With seccompbpf it's pretty simple to have systemwide tripwires on certain files/syscalls/network operations. Even if the attacker gains root, your tripwire will probably alert you before they can disable it.
Likewise, GCP Dataflow quite trivially allows you to escape onto the worker machines and take the (huge) binaries that implement it. They have some really nice detailed status pages!
First, we did a privilege escalation.
How? They don't say.
Next, we did another privilege escalation.
And how?? They don't say.
what's the point of this
Getting access to the host OS won't give you much other than some internal binaries and config.
I am sure Cloud SQL is far more advanced since then (9 years ago), but security in depth was something we thought about a lot. Running in a VM for each database rather than a multi-tenant system was for security more than anything else. We could have multi-tenanted just as easily implementation-wise.
This would never fly at Amazon because it would cost them a few cents to have anorher VM. Microsoft would probably not even notice the issue.
"Our research began when we identified a gap in GCP’s security layer that was created for SQL Server."
It would have been interesting to see how they identified that security gap.
https://bughunters.google.com/about/rules/6625378258649088/g...
Who knows - if Google hadn't detected the intrusion, this attack might be on the black market by now.
Fascinating how sloppy some people are when they set up infrastructure even though this may be down to bad defaults.
Presenting it as a Cloud SQL problem is disingenuous.
> we identified a gap in GCP’s security layer that was created for SQL Server. This vulnerability enabled us to escalate our initial privilege and add our user to the DbRootRole role, a GCP admin role.
So Google took proprietary software not designed for this use-case and built their own security layer on top of it and ended up with bugs.
Of course that's an issue with the service. Presenting it as anything else than an issue in Cloud SQL seems disingenuous.

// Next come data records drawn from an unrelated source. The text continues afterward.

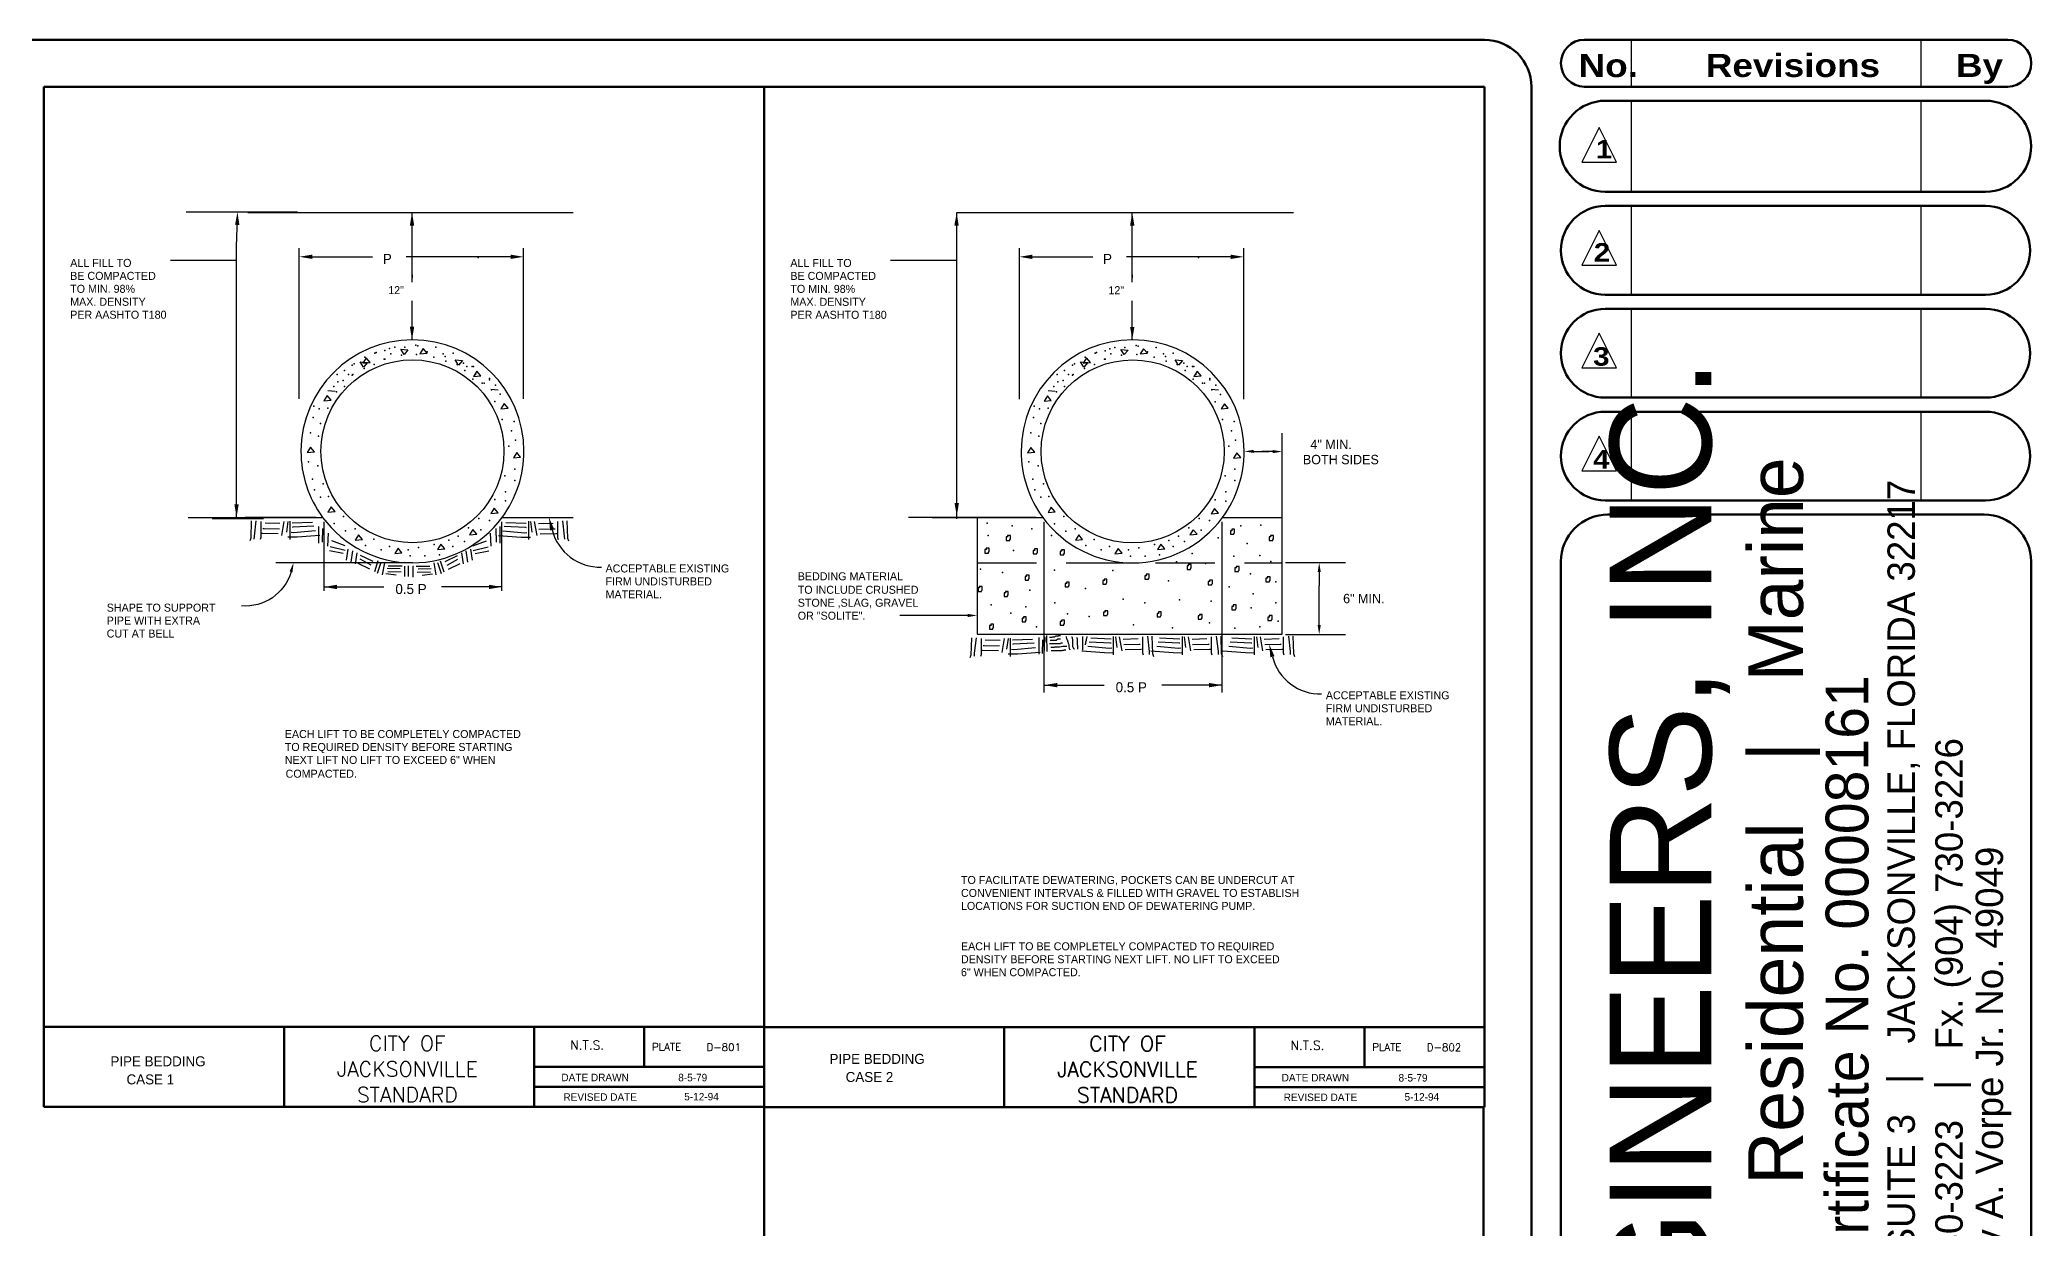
# Paper-space layout 'WS DET' of a CAD drawing. Header units: feet, sheet in inches. Extents: x -12.2 to 22.7, y -7.4 to 15.4.
# Drawn here: x 14.35 to 22.73, y 10.41 to 15.41 of the extents above; entities that cross this region are included whole.
import ezdxf
from ezdxf.enums import TextEntityAlignment as Align

# ---------------------------------------------------------------- set-up
doc = ezdxf.new("R2010")
doc.units = ezdxf.units.FT
doc.header["$MEASUREMENT"] = 0
doc.linetypes.add('HIDDEN', pattern=[0.375, 0.25, -0.125])
doc.layers.add('Border', color=118, linetype='Continuous', lineweight=70)
doc.layers.add('PNT_MRK', color=7, linetype='Continuous')
doc.layers.add('TBLK', color=7, linetype='Continuous')
doc.styles.add('AVA LOGO', font='')
doc.styles.add('ITALICC', font='simplex', dxfattribs={"height": 0.005333})
doc.styles.add('ROMAND', font='ariblk.ttf')
doc.styles.add('SIMPLEX', font='simplex.shx', dxfattribs={"width": 0.9, "height": 0.08})
doc.styles.get('AVA LOGO').set_extended_font_data('Agency FB')

# ---------------------------------------------------------------- blocks, each defined once
blk = doc.blocks.new('A$Ca8f96253')
for p, q in [((33.2237, 11.2131), (33.2237, 11.4103)), ((34.4419, 11.2131), (34.4419, 11.4103)), ((33.2237, 10.7703), (33.2237, 11.1538)), ((34.4419, 10.7703), (34.4419, 11.1538)), ((33.0876, 11.041), (33.0147, 10.8953)), ((33.1605, 10.8953), (33.0876, 11.041)), ((33.0147, 10.8953), (33.1605, 10.8953)), ((33.2237, 10.3374), (33.2237, 10.7109)), ((34.4419, 10.3374), (34.4419, 10.7109)), ((33.0876, 10.6081), (33.0147, 10.4623)), ((33.1605, 10.4623), (33.0876, 10.6081)), ((33.0147, 10.4623), (33.1605, 10.4623)), ((33.2237, 9.9044), (33.2237, 10.278)), ((34.4419, 9.9044), (34.4419, 10.278)), ((33.0876, 10.1751), (33.0147, 10.0294)), ((33.1605, 10.0294), (33.0876, 10.1751)), ((33.0147, 10.0294), (33.1605, 10.0294)), ((33.2237, 9.4715), (33.2237, 9.8451)), ((34.4419, 9.4715), (34.4419, 9.8438)), ((33.0876, 9.7422), (33.0147, 9.5964)), ((33.1605, 9.5964), (33.0876, 9.7422)), ((33.0147, 9.5964), (33.1605, 9.5964))]:
    blk.add_line(p, q)
at = {"layer": 'Border'}
for points in [[(32.8026, 11.2123), (32.8026, -11.2123, -0.414214), (32.6047, -11.4103), (1.4979, -11.4103, -0.414214), (1.3, -11.2123), (1.3, 11.2123, -0.414214), (1.4979, 11.4103), (32.6047, 11.4103, -0.414214)], [(33.0249, 11.2131, -1), (33.0249, 11.4103), (34.8069, 11.4103, -1), (34.8069, 11.2131)], [(33.1131, 10.7703), (34.7138, 10.7703, 1), (34.7138, 11.1538), (33.1131, 11.1538, 1)], [(33.1131, 10.7109, 1), (33.1131, 10.3374), (34.7138, 10.3374, 1), (34.7138, 10.7109)], [(33.1131, 10.278, 1), (33.1131, 9.9044), (34.7138, 9.9044, 1), (34.7138, 10.278)], [(34.7138, 9.8451), (33.1131, 9.8451, 1), (33.1131, 9.4715), (34.7138, 9.4715, 1)], [(32.9263, 9.2142, -0.414214), (33.1242, 9.4121), (34.7076, 9.4121, -0.414214), (34.9055, 9.2142), (34.9055, 3.1445, -0.414214), (34.7076, 2.9466), (33.1242, 2.9466, -0.414214), (32.9263, 3.1445)]]:
    blk.add_lwpolyline(points, format="xyb", close=True, dxfattribs=at)
at = {"style": 'ROMAND'}
for s, height, p in [('No.', 0.09716, (33.0004, 11.2533)), ('Revisions', 0.09716, (33.5358, 11.2538)), ('By', 0.09716, (34.5886, 11.2539)), ('1', 0.0777, (33.0734, 10.9113)), ('2', 0.0777, (33.0647, 10.477)), ('3', 0.0777, (33.0618, 10.0389)), ('4', 0.0777, (33.0618, 9.606))]:
    blk.add_text(s, height=height, dxfattribs=at).set_placement(p)
at = {"style": 'AVA LOGO'}
for s, height, p in [('AVA ENGINEERS, INC.', 0.4268, (33.5591, 7.0036)), ('Commercial   |   Residential   |   Marine', 0.230472, (33.9454, 7.0036)), ('4201 BAYMEADOWS RD, SUITE 3   |   JACKSONVILLE, FLORIDA 32217', 0.115236, (34.416, 7.0036)), ('Florida Certificate No. 00008161', 0.18, (34.2205, 7.0036)), ('Ph. (904) 730-3223   |   Fx. (904) 730-3226', 0.115236, (34.6172, 7.0036)), ('Henry A. Vorpe Jr. No. 49049', 0.115236, (34.787, 7.0036))]:
    blk.add_text(s, height=height, rotation=90, dxfattribs=at).set_placement(p, align=Align.CENTER)
blk = doc.blocks.new('STNDBLK', base_point=(0, 0))
at = {"layer": 'Border'}
for p, q in [((0, 10.2), (0, 0)), ((7.2, 10.2), (0, 10.2)), ((7.2, 0.4), (7.2, 10.2)), ((0, 0.8), (7.2, 0.8)), ((2.4, 0.8), (2.4, 0)), ((4.9, 0.8), (4.9, 0.4)), ((6, 0.4), (6, 0.8)), ((4.9, 0.4), (7.2, 0.4)), ((4.9, 0.4), (4.9, 0)), ((7.2, 0), (7.2, 0.4)), ((4.9, 0.2), (7.2, 0.2)), ((0, 0), (7.2, 0))]:
    blk.add_line(p, q, dxfattribs=at)
at = {"style": 'ITALICC'}
for s, p in [('CITY OF', (3.632, 0.561)), ('JACKSONVILLE', (3.632, 0.304)), ('STANDARD', (3.632, 0.047))]:
    blk.add_text(s, height=0.15, dxfattribs=at).set_placement(p, align=Align.CENTER)
at = {"style": 'SIMPLEX'}
blk.add_text('PLATE', height=0.075, dxfattribs=at).set_placement((6.078, 0.563))
for s, p in [('DATE DRAWN', (5.51, 0.295)), ('REVISED DATE', (5.561, 0.099))]:
    blk.add_text(s, height=0.075).set_placement(p, align=Align.MIDDLE)
for tag, height, p in [('SCALE', 0.09, (5.431, 0.618)), ('PLATE_NO.', 0.075, (6.796, 0.598))]:
    blk.add_attdef(tag, text='', height=height, dxfattribs=at).set_placement(p, align=Align.MIDDLE)
for tag, p in [('DATE_DRAWN', (6.486, 0.294)), ('REVDATE', (6.574, 0.103))]:
    blk.add_attdef(tag, text='', height=0.075).set_placement(p, align=Align.MIDDLE)
blk = doc.blocks.new('ROCK')
for p, q in [((-0.24, 0.32), (-0.5, 0.32)), ((-0.5, 0.32), (-0.5, -0.38)), ((0.33, 0.61), (-0.24, 0.61)), ((-0.24, 0.61), (-0.24, 0.45)), ((-0.11, 0.45), (-0.24, 0.32)), ((0.33, -0.09), (0.33, 0.61)), ((-0.5, -0.38), (0.2, -0.38)), ((0.2, -0.25), (0.33, -0.09)), ((0.2, -0.38), (0.2, -0.25))]:
    blk.add_line(p, q)

psp = doc.layouts.new('WS DET')

# ---------------------------------------------------------------- linework, layer by layer
for p, q in [((14.89759, 14.48292), (15.17231, 14.48292)), ((17.9284, 14.48274), (18.20318, 14.48274)), ((19.57593, 12.90928), (19.57593, 13.75495)), ((19.45602, 13.67849), (19.52051, 13.67849)), ((19.53646, 13.67764), (19.49026, 13.67764)), ((15.55996, 13.42234), (15.59064, 13.42513)), ((16.24609, 13.41676), (16.27677, 13.41955)), ((18.59093, 13.42191), (18.62162, 13.42469)), ((19.27723, 13.41633), (19.30792, 13.41912)), ((18.29257, 13.40032), (18.29257, 12.90928)), ((15.91615, 13.20963), (15.34166, 13.20963)), ((19.59096, 13.21049), (19.84311, 13.21049)), ((19.73226, 13.17102), (19.73226, 13.11296)), ((19.73226, 12.94734), (19.73226, 13.11296)), ((18.2531, 12.98787), (17.96763, 12.98787)), ((18.29257, 12.90928), (19.57593, 12.90928)), ((19.59096, 12.90787), (19.84311, 12.90787)), ((18.57535, 12.83776), (18.57535, 12.83988)), ((18.57535, 12.83988), (18.57613, 12.83988)), ((18.57535, 12.83267), (18.57535, 12.83776)), ((18.57535, 12.83776), (18.57535, 12.83776)), ((18.57613, 12.86603), (18.57613, 12.86886)), ((18.57613, 12.86886), (18.57672, 12.86886)), ((18.57613, 12.86377), (18.57613, 12.86603)), ((18.57613, 12.86603), (18.57613, 12.86603)), ((18.57613, 12.86165), (18.57613, 12.86377)), ((18.57613, 12.86377), (18.57613, 12.86377)), ((18.57613, 12.85953), (18.57613, 12.86165)), ((18.57613, 12.86165), (18.57613, 12.86165)), ((18.57613, 12.85727), (18.57613, 12.85953)), ((18.57613, 12.85953), (18.57613, 12.85953)), ((18.57613, 12.85515), (18.57613, 12.85727)), ((18.57613, 12.85727), (18.57613, 12.85727)), ((18.57613, 12.85289), (18.57613, 12.85515)), ((18.57613, 12.85515), (18.57613, 12.85515)), ((18.57613, 12.85006), (18.57613, 12.85289)), ((18.57613, 12.85289), (18.57613, 12.85289)), ((18.57613, 12.84709), (18.57613, 12.85006)), ((18.57613, 12.85006), (18.57613, 12.85006)), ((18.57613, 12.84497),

Considering that, Google probably has an extensive monitoring system running in the VM, looking for things happening that shouldn't happen... And they have probably also built a filtering infrastructure between the users and the SQL server so that if any vulnerability is found, they can at least filter attempts to exploit it while a fix is being made.
That is categorically false. Not only does Amazon's RDS do that (can't find where they say that, might have been at reinvent one year) but for other services like Fargate they used to waste way more resources due to instance single tenancy, until they adopted Firecracker: https://d1.awsstatic.com/events/reinvent/2019/CON423-R1_REPE...
But isn't this for dedicated containers and not VMs?
More broadly, based on the literature I've seen, I'd agree that GCP takes security seriously, but so does AWS and I haven't seen any good evidence to say one would be "better" than the other.
I would expect both to come up with a robust security model and as part of their defense in depth I'd expect both to enforce single tenancy at a hypervisor level any time they're running anything untrusted or which can be materially/declaratively influenced by customers (e.g. code, SQL, etc)
In dataflow's case, container is not treated as the boundary. And there are several important things to note:
- Dataflow's VMs are in customer projects, so there's no risk of cross-tenant access.
- When launching dataflow jobs, the launcher identity is checked to have iam.serviceAccountUser IAM role, which means that the identity should be able to launch a VM with the same service account just fine. So dataflow is not escalating the permission beyond GCE VMs.
- Just as VM launched by someone, if anyone else can log onto those VMs are controlled separately.
- Container is used in dataflow only for convenient image delivery, not for a security barrier. VM is.
There's two types of cloud providers, the ones who take security seriously and the ones who learn security the hard, public way.
I'm a bit surprised that Azure would get lumped in with the other cut-rate providers but that's becoming more and more obvious with the vulnerabilities of the past few years.
The vms are somewhat hidden in the UI iirc but otherwise you can enumerate them via API and ssh to them and debug/profile (which I was doing to get cross-language profiling on data flow pipelines with py-spy and jvm perf output).
It's just a worker vm in your project.